A pedestrian walks past the People’s Bank of China (PBOC) headquarters on August 6, 2019 in Beijing, China.
Xu Jinbai | Visual China Group | Getty Images
China’s banks extended 1.21 trillion yuan ($170 billion) in new yuan loans in August as policymakers ratcheted up support for the slowing economy, and further policy easing is expected in coming weeks as the Sino-U.S. trade dispute takes a bigger toll on the economy.
Chinese regulators have been trying to boost bank lending and lower financing costs for more than a year, especially for smaller and private companies, which generate a sizable share of the country’s economic growth and jobs.
But some analysts say credit demand has not picked up as much as expected, possibly because of weak domestic orders and the deepening U.S.-China trade war. That has reinforced views the government must roll out more stimulative measures to spur investment and stabilize economic activity.
“August lending data is in line with market expectations. It shows increased support for the real economy. In the next step, monetary policy is expected to be preemptive and flexible, there is room for cutting interest rates and reserve requirements,” said Wen Bin, economist at Minsheng Bank in Beijing.
August new loans were up from July and slightly more than analysts had expected, People’s Bank of China (PBOC) data showed on Wednesday.
Analysts polled by Reuters had predicted new yuan loans would rise to 1.2 trillion yuan in August, up from 1.06 trillion yuan the previous month and compared with 1.28 trillion yuan a year earlier.

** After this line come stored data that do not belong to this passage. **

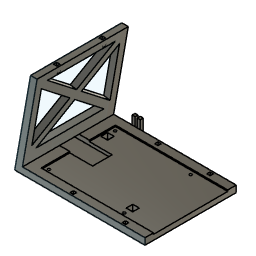
WRO raspberry PI (1) (Autodesk Fusion 360 design; units mm, degrees)
Autodesk Fusion 360 part; units mm, degrees
note: some values were not read from the file. Set by a fixed rule: which sketch regions a step uses.
sketch "Sketch1" plane through (0, 0, 0) normal (0, 1, 0) x (1, 0, 0)
  line L0 (0, 0) -> (12.1554, -68.9365)
  line L1 (0, 0) -> (70, 0) construction
  line L2 (0, 0) -> (100, 0)
  line L3 (100, 0) -> (100, -5)
  line L4 (100, -5) -> (0.8816, -5)
  line L5 (6.0777, -34.4683) -> (10.7761, -32.7582)
  line L6 (6.0777, -34.4683) -> (11.0777, -34.4683) construction
  line L7 (4.1331, -23.4398) -> (8.8315, -21.7297)
  line L8 (4.1331, -23.4398) -> (9.1331, -23.4398) construction
  line L9 (8.8315, -21.7297) -> (10.7761, -32.7582)
  line L10 (10.7761, -32.7582) -> (5, 0)
  line L11 (5, 0) -> (16.8803, -67.3767)
  line L12 (12.1554, -68.9365) -> (20.8902, -68.9365)
  line L13 (16.8803, -67.3767) -> (17.1554, -68.9365)
  dimension "d1" = 70
  dimension "d2" = 80
  dimension "d3" = 100
  dimension "d4" = 5
  dimension "d5" = 5
  dimension "d6" = 20
  dimension "d7" = 20
  dimension "d8" = 5
  constraint horizontal L1
  constraint coincident L0.start L1.start
  constraint parallel L1 L2
  constraint perpendicular L2 L3
  constraint coincident L0 L4.end
  constraint perpendicular L3 L4
  constraint horizontal L6
  constraint midpoint L0 L5.start
  constraint horizontal L8
  constraint coincident L0 L7.start
  constraint coincident L2 L10.end
  constraint parallel L10 L11
  constraint horizontal L12
  constraint coincident L12 L13.end
  constraint parallel L11 L13
  measures "d1" distance of L0.start L0.end
  measures "d2" angle of L0 L1
  measures "d3" distance of L0.start L2.end
  measures "d4" distance of L2.end L3.end
  measures "d5" distance of L5.start L5.end
  measures "d6" angle of L5 L6
  measures "d7" angle of L7 L8
  measures "d8" distance of L7.start L7.end
extrude "Extrude1" add sketch "Sketch1" along normal blind 70 makes body 1
sketch "Sketch2" plane through (0, 0, 0) normal (0, 0, -1) x (1, 0, 0)
  line L0 (100, 0) -> (0, 0)
  line L1 (0, 0) -> (0, -70)
  line L2 (0, -70) -> (100, -70)
  line L3 (100, -70) -> (100, 0)
  line L4 (0, 0) -> (1.25, 0)
  line L5 (1.25, 0) -> (1.25, -1.25)
  line L6 (1.25, -1.25) -> (0, -1.25)
  line L7 (0, -1.25) -> (0, 0)
  line L8 (1.25, -1.25) -> (3.55, -1.25)
  line L9 (3.55, -1.25) -> (3.55, -3.55)
  line L10 (3.55, -3.55) -> (1.25, -3.55)
  line L11 (1.25, -3.55) -> (1.25, -1.25)
  line L12 (0, -70) -> (1.25, -70)
  line L13 (1.25, -70) -> (1.25, -68.75)
  line L14 (1.25, -68.75) -> (0, -68.75)
  line L15 (0, -68.75) -> (0, -70)
  line L16 (1.25, -68.75) -> (3.55, -68.75)
  line L17 (3.55, -68.75) -> (3.55, -66.45)
  line L18 (3.55, -66.45) -> (1.25, -66.45)
  line L19 (1.25, -66.45) -> (1.25, -68.75)
  dimension "d11" = 1.25
  dimension "d12" = 1.25
  dimension "d13" = 2.3
  dimension "d14" = 2.3
  dimension "d15" = 1.25
  dimension "d16" = 1.25
  dimension "d17" = 2.3
  dimension "d18" = 2.3
  constraint horizontal L4
  constraint vertical L5
  constraint horizontal L6
  constraint vertical L7
  constraint coincident L0.end L1.start
  constraint horizontal L8
  constraint vertical L9
  constraint horizontal L10
  constraint vertical L11
  constraint horizontal L12
  constraint vertical L13
  constraint horizontal L14
  constraint vertical L15
  constraint coincident L1.end L2.start
  constraint horizontal L16
  constraint vertical L17
  constraint horizontal L18
  constraint vertical L19
  measures "d11" distance of L0.end L4.end
  measures "d12" distance of L0.end L6.end
  measures "d13" distance of L5.end L8.end
  measures "d14" distance of L5.end L10.end
  measures "d15" distance of L1.end L12.end
  measures "d16" distance of L1.end L14.end
  measures "d17" distance of L13.end L16.end
  measures "d18" distance of L13.end L18.end
extrude "Extrude2" add sketch "Sketch2" along normal blind 5 contours L8 L9 L10 L11 | L16 L17 L18 L19 bodies 1
sketch "Sketch3" plane through (0, 0, 5) normal (0, 0, 1) x (-1, 0, 0)
  line L0 (-5.8816, 0) -> (-100, 0)
  line L1 (-100, 0) -> (-100, -70)
  line L2 (-100, -70) -> (-5.8816, -70)
  line L3 (-5.8816, -70) -> (-5.8816, 0)
  line L4 (-100, 0) -> (-100, -35)
  line L5 (-100, -35) -> (-100, -6.5)
  line L6 (-100, -6.5) -> (-13.75, -6.5)
  line L7 (-13.75, -6.5) -> (-13.75, -63.5)
  line L8 (-13.75, -63.5) -> (-100, -63.5)
  line L9 (-100, -63.5) -> (-100, -6.5)
  dimension "d21" = 35
  dimension "d22" = 28.5
  dimension "d23" = 86.25
  dimension "d24" = 57
  constraint coincident L0.end L1.start
  constraint perpendicular L0 L4
  constraint parallel L4 L5
  constraint horizontal L6
  constraint vertical L7
  constraint horizontal L8
  constraint vertical L9
  measures "d21" distance of L0.end L4.end
  measures "d22" distance of L4.end L5.end
  measures "d23" distance of L5.end L6.end
  measures "d24" distance of L5.end L8.end
extrude "Extrude3" cut sketch "Sketch3" against normal blind 1 contours L1 L4 L5 L6 L7 L8 L9 bodies 1
sketch "Sketch4" plane through (0, 0, 4) normal (0, 0, 1) x (-1, 0, 0)
  line L0 (-100, -63.5) -> (-13.75, -63.5)
  line L1 (-13.75, -63.5) -> (-13.75, -6.5)
  line L2 (-13.75, -6.5) -> (-100, -6.5)
  line L3 (-100, -6.5) -> (-100, -63.5)
  line L4 (-13.75, -6.5) -> (-13.75, -28.5)
  line L5 (-13.75, -28.5) -> (-31.25, -28.5)
  line L6 (-31.25, -28.5) -> (-31.25, -43.5)
  line L7 (-31.25, -43.5) -> (-13.75, -43.5)
  line L8 (-13.75, -43.5) -> (-13.75, -28.5)
  dimension "d27" = 22
  dimension "d28" = 17.5
  dimension "d29" = 15
  constraint coincident L1.end L2.start
  constraint perpendicular L2 L4
  constraint horizontal L5
  constraint vertical L6
  constraint horizontal L7
  constraint vertical L8
  measures "d27" distance of L1.end L4.end
  measures "d28" distance of L4.end L5.end
  measures "d29" distance of L4.end L7.end
extrude "Extrude4" cut sketch "Sketch4" against normal blind 2.5 contours L1 L5 L6 L7 L8 bodies 1
sketch "Sketch5" plane through (13.75, 0, 0) normal (1, 0, 0) x (0, 1, 0)
  line L0 (63.5, 5) -> (6.5, 5)
  line L1 (6.5, 5) -> (6.5, 4)
  line L2 (6.5, 4) -> (28.5, 4)
  line L3 (28.5, 4) -> (28.5, 1.5)
  line L4 (28.5, 1.5) -> (43.5, 1.5)
  line L5 (43.5, 1.5) -> (43.5, 4)
  line L6 (43.5, 4) -> (63.5, 4)
  line L7 (63.5, 4) -> (63.5, 5)
  line L8 (28.5, 1.5) -> (43.5, 1.5)
  line L9 (43.5, 1.5) -> (43.5, 5)
  line L10 (43.5, 5) -> (28.5, 5)
  line L11 (28.5, 5) -> (28.5, 1.5)
  dimension "d32" = 3.5
  constraint horizontal L8
  constraint vertical L9
  constraint horizontal L10
  constraint vertical L11
  constraint coincident L3.end L4.start
  measures "d32" distance of L3.end L10.end
extrude "Extrude5" cut sketch "Sketch5" against normal blind 1000 contours L0 L3 L4 L5 L8 L9 L10 L11 bodies 1
sketch "Sketch6" plane through (0, 0, 4) normal (0, 0, 1) x (-1, 0, 0)
  line L0 (-13.75, -43.5) -> (-31.25, -43.5)
  line L1 (-31.25, -43.5) -> (-31.25, -28.5)
  line L2 (-31.25, -28.5) -> (-13.75, -28.5)
  line L3 (-13.75, -28.5) -> (-13.75, -6.5)
  line L4 (-13.75, -6.5) -> (-100, -6.5)
  line L5 (-100, -6.5) -> (-100, -63.5)
  line L6 (-100, -63.5) -> (-13.75, -63.5)
  line L7 (-13.75, -63.5) -> (-13.75, -43.5)
  line L8 (-13.75, -63.5) -> (-16.55, -63.5)
  line L9 (-16.55, -63.5) -> (-16.55, -60.5)
  circle A0 centre (-16.55, -60.5) radius 1
  dimension "d35" = 2.8
  dimension "d36" = 3
  dimension "d37" = 2
  constraint coincident L6.end L7.start
  constraint perpendicular L7 L8
  constraint perpendicular L6 L9
  constraint coincident L9.end A0.centre
  measures "d35" distance of L6.end L8.end
  measures "d36" distance of L8.end L9.end
  measures "d37" diameter of A0
extrude "Extrude6" cut sketch "Sketch6" against normal blind 67 contours A0 bodies 1
sketch "Sketch7" plane through (0, 0, 4) normal (0, 0, 1) x (-1, 0, 0)
  circle A0 centre (-16.55, -60.5) radius 1
  line L0 (-13.75, -43.5) -> (-31.25, -43.5)
  line L1 (-31.25, -43.5) -> (-31.25, -28.5)
  line L2 (-31.25, -28.5) -> (-13.75, -28.5)
  line L3 (-13.75, -28.5) -> (-13.75, -6.5)
  line L4 (-13.75, -6.5) -> (-100, -6.5)
  line L5 (-100, -6.5) -> (-100, -63.5)
  line L6 (-100, -63.5) -> (-13.75, -63.5)
  line L7 (-13.75, -63.5) -> (-13.75, -43.5)
  line L8 (-16.55, -60.5) -> (-16.55, -59.5)
  line L9 (-16.55, -59.5) -> (-16.55, -56.5)
  line L10 (-16.55, -56.5) -> (-14.75, -56.5)
  line L11 (-14.75, -56.5) -> (-19.75, -56.5)
  line L12 (-19.75, -56.5) -> (-19.75, -51.5)
  line L13 (-19.75, -51.5) -> (-14.75, -51.5)
  line L14 (-14.75, -51.5) -> (-14.75, -56.5)
  dimension "d40" = 3
  dimension "d41" = 1.8
  dimension "d42" = 5
  dimension "d43" = 5
  constraint coincident A0.centre L8.start
  constraint coincident A0 L8.end
  constraint vertical L8
  constraint parallel L8 L9
  constraint perpendicular L7 L10
  constraint horizontal L11
  constraint vertical L12
  constraint horizontal L13
  constraint vertical L14
  measures "d40" distance of L8.end L9.end
  measures "d41" distance of L9.end L10.end
  measures "d42" distance of L10.end L11.end
  measures "d43" distance of L10.end L13.end
extrude "Extrude7" cut sketch "Sketch7" against normal blind 56 contours L10 L11 L12 L13 L14 bodies 1
sketch "Sketch8" plane through (0, 0, 4) normal (0, 0, 1) x (-1, 0, 0)
  line L0 (-19.75, -56.5) -> (-19.75, -51.5)
  line L1 (-19.75, -51.5) -> (-14.75, -51.5)
  line L2 (-14.75, -51.5) -> (-14.75, -56.5)
  line L3 (-14.75, -56.5) -> (-19.75, -56.5)
  circle A0 centre (-16.55, -60.5) radius 1
  line L4 (-13.75, -43.5) -> (-31.25, -43.5)
  line L5 (-31.25, -43.5) -> (-31.25, -28.5)
  line L6 (-31.25, -28.5) -> (-13.75, -28.5)
  line L7 (-13.75, -28.5) -> (-13.75, -6.5)
  line L8 (-13.75, -6.5) -> (-100, -6.5)
  line L9 (-100, -6.5) -> (-100, -63.5)
  line L10 (-100, -63.5) -> (-13.75, -63.5)
  line L11 (-13.75, -63.5) -> (-13.75, -43.5)
  line L12 (-13.75, -6.5) -> (-16.75, -6.5)
  line L13 (-16.75, -6.5) -> (-16.75, -9.5)
  circle A1 centre (-16.75, -9.5) radius 1
  dimension "d46" = 3
  dimension "d47" = 3
  dimension "d48" = 2
  constraint coincident L7.end L8.start
  constraint perpendicular L7 L12
  constraint perpendicular L12 L13
  constraint coincident L13.end A1.centre
  measures "d46" distance of L7.end L12.end
  measures "d47" distance of L12.end L13.end
  measures "d48" diameter of A1
extrude "Extrude8" cut sketch "Sketch8" against normal blind 45 contours A1 bodies 1
sketch "Sketch9" plane through (0, 0, 4) normal (0, 0, 1) x (-1, 0, 0)
  circle A0 centre (-16.75, -9.5) radius 1
  line L0 (-19.75, -56.5) -> (-19.75, -51.5)
  line L1 (-19.75, -51.5) -> (-14.75, -51.5)
  line L2 (-14.75, -51.5) -> (-14.75, -56.5)
  line L3 (-14.75, -56.5) -> (-19.75, -56.5)
  circle A1 centre (-16.55, -60.5) radius 1
  line L4 (-13.75, -43.5) -> (-31.25, -43.5)
  line L5 (-31.25, -43.5) -> (-31.25, -28.5)
  line L6 (-31.25, -28.5) -> (-13.75, -28.5)
  line L7 (-13.75, -28.5) -> (-13.75, -6.5)
  line L8 (-13.75, -6.5) -> (-100, -6.5)
  line L9 (-100, -6.5) -> (-100, -63.5)
  line L10 (-100, -63.5) -> (-13.75, -63.5)
  line L11 (-13.75, -63.5) -> (-13.75, -43.5)
  line L12 (-16.55, -60.5) -> (-74.55, -60.5)
  circle A2 centre (-74.55, -60.5) radius 1
  line L13 (-74.55, -60.5) -> (-74.55, -9.5)
  circle A3 centre (-74.55, -9.5) radius 1
  dimension "d51" = 58
  dimension "d52" = 2
  dimension "d53" = 51
  dimension "d54" = 2
  constraint coincident A1.centre L12.start
  constraint perpendicular L11 L12
  constraint coincident L12.end A2.centre
  constraint vertical L13
  constraint coincident L13.end A3.centre
  measures "d51" distance of A1.centre L12.end
  measures "d52" diameter of A2
  measures "d53" distance of L12.end L13.end
  measures "d54" diameter of A3
extrude "Extrude9" cut sketch "Sketch9" against normal blind 5 contours L12 A2 L13 | L12 A2 L13 | A3 bodies 1
sketch "Sketch10" plane through (0, 0, 4) normal (0, 0, 1) x (-1, 0, 0)
  circle A0 centre (-74.55, -60.5) radius 1
  circle A1 centre (-74.55, -9.5) radius 1
  circle A2 centre (-16.75, -9.5) radius 1
  line L0 (-19.75, -56.5) -> (-19.75, -51.5)
  line L1 (-19.75, -51.5) -> (-14.75, -51.5)
  line L2 (-14.75, -51.5) -> (-14.75, -56.5)
  line L3 (-14.75, -56.5) -> (-19.75, -56.5)
  circle A3 centre (-16.55, -60.5) radius 1
  line L4 (-13.75, -43.5) -> (-31.25, -43.5)
  line L5 (-31.25, -43.5) -> (-31.25, -28.5)
  line L6 (-31.25, -28.5) -> (-13.75, -28.5)
  line L7 (-13.75, -28.5) -> (-13.75, -6.5)
  line L8 (-13.75, -6.5) -> (-100, -6.5)
  line L9 (-100, -6.5) -> (-100, -63.5)
  line L10 (-100, -63.5) -> (-13.75, -63.5)
  line L11 (-13.75, -63.5) -> (-13.75, -43.5)
  line L12 (-74.55, -9.5) -> (-74.55, -13.5)
  line L13 (-74.55, -13.5) -> (-77.05, -13.5)
  line L14 (-77.05, -13.5) -> (-77.05, -18.5)
  line L15 (-77.05, -18.5) -> (-74.55, -18.5)
  line L16 (-74.55, -18.5) -> (-74.55, -13.5)
  line L17 (-77.05, -18.5) -> (-72.05, -18.5)
  line L18 (-72.05, -18.5) -> (-72.05, -13.5)
  line L19 (-72.05, -13.5) -> (-77.05, -13.5)
  line L20 (-77.05, -13.5) -> (-77.05, -18.5)
  dimension "d57" = 4
  dimension "d58" = 2.5
  dimension "d59" = 5
  dimension "d60" = 5
  dimension "d61" = 5
  constraint coincident A1.centre L12.start
  constraint vertical L12
  constraint horizontal L13
  constraint vertical L14
  constraint horizontal L15
  constraint vertical L16
  constraint horizontal L17
  constraint vertical L18
  constraint horizontal L19
  constraint vertical L20
  measures "d57" distance of A1.centre L12.end
  measures "d58" distance of L12.end L13.end
  measures "d59" distance of L12.end L15.end
  measures "d60" distance of L14.end L17.end
  measures "d61" distance of L14.end L13.end
extrude "Extrude10" cut sketch "Sketch10" against normal blind 5 contours L13 L14 L15 L16 L17 L19 L20 | L16 L17 L18 L19 bodies 1
sketch "Sketch11" plane through (0, 0, 0) normal (-0.984808, 0, 0.173648) x (0, -1, 0)
  line L0 (-28.5, 1.5231) -> (-43.5, 1.5231)
  line L1 (-43.5, 1.5231) -> (-43.5, 5.0771)
  line L2 (-43.5, 5.0771) -> (-28.5, 5.0771)
  line L3 (-28.5, 5.0771) -> (-28.5, 1.5231)
  line L4 (0, 0) -> (0, 70)
  line L5 (0, 70) -> (-70, 70)
  line L6 (-70, 70) -> (-70, 0)
  line L7 (-70, 0) -> (0, 0)
sketch "Sketch12" plane through (0, 0, 0) normal (-0.984808, 0, 0.173648) x (0, -1, 0)
  line L0 (-70, 70) -> (0, 70)
  line L1 (0, 70) -> (0, 10)
  line L2 (0, 10) -> (-70, 10)
  line L3 (-70, 10) -> (-70, 70)
  line L4 (-70, 70) -> (-65, 70)
  line L5 (-65, 70) -> (-65, 65)
  line L6 (-65, 65) -> (-5, 65)
  line L7 (-5, 65) -> (-5, 15)
  line L8 (-5, 15) -> (-65, 15)
  line L9 (-65, 15) -> (-65, 65)
  line L10 (-65, 15) -> (-65, 19)
  line L11 (-65, 15) -> (-61, 15)
  line L12 (-5, 65) -> (-9, 65)
  line L13 (-5, 65) -> (-5, 61)
  line L14 (-65, 19) -> (-9, 65)
  line L15 (-5, 61) -> (-61, 15)
  line L16 (-65, 65) -> (-65, 61)
  line L17 (-65, 65) -> (-61, 65)
  line L18 (-5, 15) -> (-5, 19)
  line L19 (-5, 15) -> (-9, 15)
  line L20 (-9, 15) -> (-65, 61)
  line L21 (-5, 19) -> (-61, 65)
  dimension "d64" = 70
  dimension "d65" = 60
  dimension "d66" = 5
  dimension "d67" = 5
  dimension "d68" = 60
  dimension "d69" = 50
  dimension "d70" = 4
  dimension "d71" = 4
  dimension "d72" = 4
  dimension "d73" = 4
  dimension "d74" = 4
  dimension "d75" = 4
  dimension "d76" = 4
  dimension "d77" = 4
  constraint horizontal L0
  constraint vertical L1
  constraint horizontal L2
  constraint vertical L3
  constraint perpendicular L3 L4
  constraint perpendicular L4 L5
  constraint horizontal L6
  constraint vertical L7
  constraint horizontal L8
  constraint vertical L9
  constraint perpendicular L8 L10
  constraint perpendicular L10 L11
  constraint coincident L6 L12.end
  constraint perpendicular L6 L13
  constraint perpendicular L6 L16
  constraint perpendicular L16 L17
  constraint perpendicular L8 L18
  constraint perpendicular L18 L19
  measures "d64" distance of L0.start L0.end
  measures "d65" distance of L0.start L2.end
  measures "d66" distance of L0.start L4.end
  measures "d67" distance of L4.end L5.end
  measures "d68" distance of L5.end L6.end
  measures "d69" distance of L5.end L8.end
  measures "d70" distance of L8.end L10.end
  measures "d71" distance of L8.end L11.end
  measures "d72" distance of L6.end L12.end
  measures "d73" distance of L6.end L13.end
  measures "d74" distance of L5.end L16.end
  measures "d75" distance of L5.end L17.end
  measures "d76" distance of L7.end L18.end
  measures "d77" distance of L7.end L19.end
extrude "Extrude11" cut sketch "Sketch12" against normal blind 5 contours L6 L14 L21 | L9 L14 L20 | L7 L15 L21 | L8 L15 L20 bodies 1
sketch "Sketch13" plane through (0, 0, 68.9365) normal (0, 0, 1) x (-1, 0, 0)
  line L0 (-12.1554, 0) -> (-17.1554, 0)
  line L1 (-17.1554, 0) -> (-17.1554, -70)
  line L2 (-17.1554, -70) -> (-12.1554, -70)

Household loans, mostly mortgages, rose to 653.8 billion yuan in August from 511.2 billion yuan in July, while corporate loans climbed to 651.3 billion yuan from 297.4 billion yuan.
Broad M2 money supply in August grew 8.2% from a year earlier, above estimates of 8.1% forecast in the Reuters poll. It rose 8.1% in July.
Outstanding yuan loans grew 12.4% from a year earlier — in line with expectations but slower than July’s 12.6%. Some analysts say the annual comparison is a better way to assess trends in China’s credit growth, rather than more volatile monthly readings.
More easing expected
Last week, China’s central bank announced it would cut the amount of cash that banks must hold as reserves for the third time this year, releasing 900 billion yuan ($126.35 billion) in liquidity.
Analysts expect more policy easing in coming weeks as the world’s second-largest economy faces growing pressure from escalating U.S. tariffs and sluggish domestic demand.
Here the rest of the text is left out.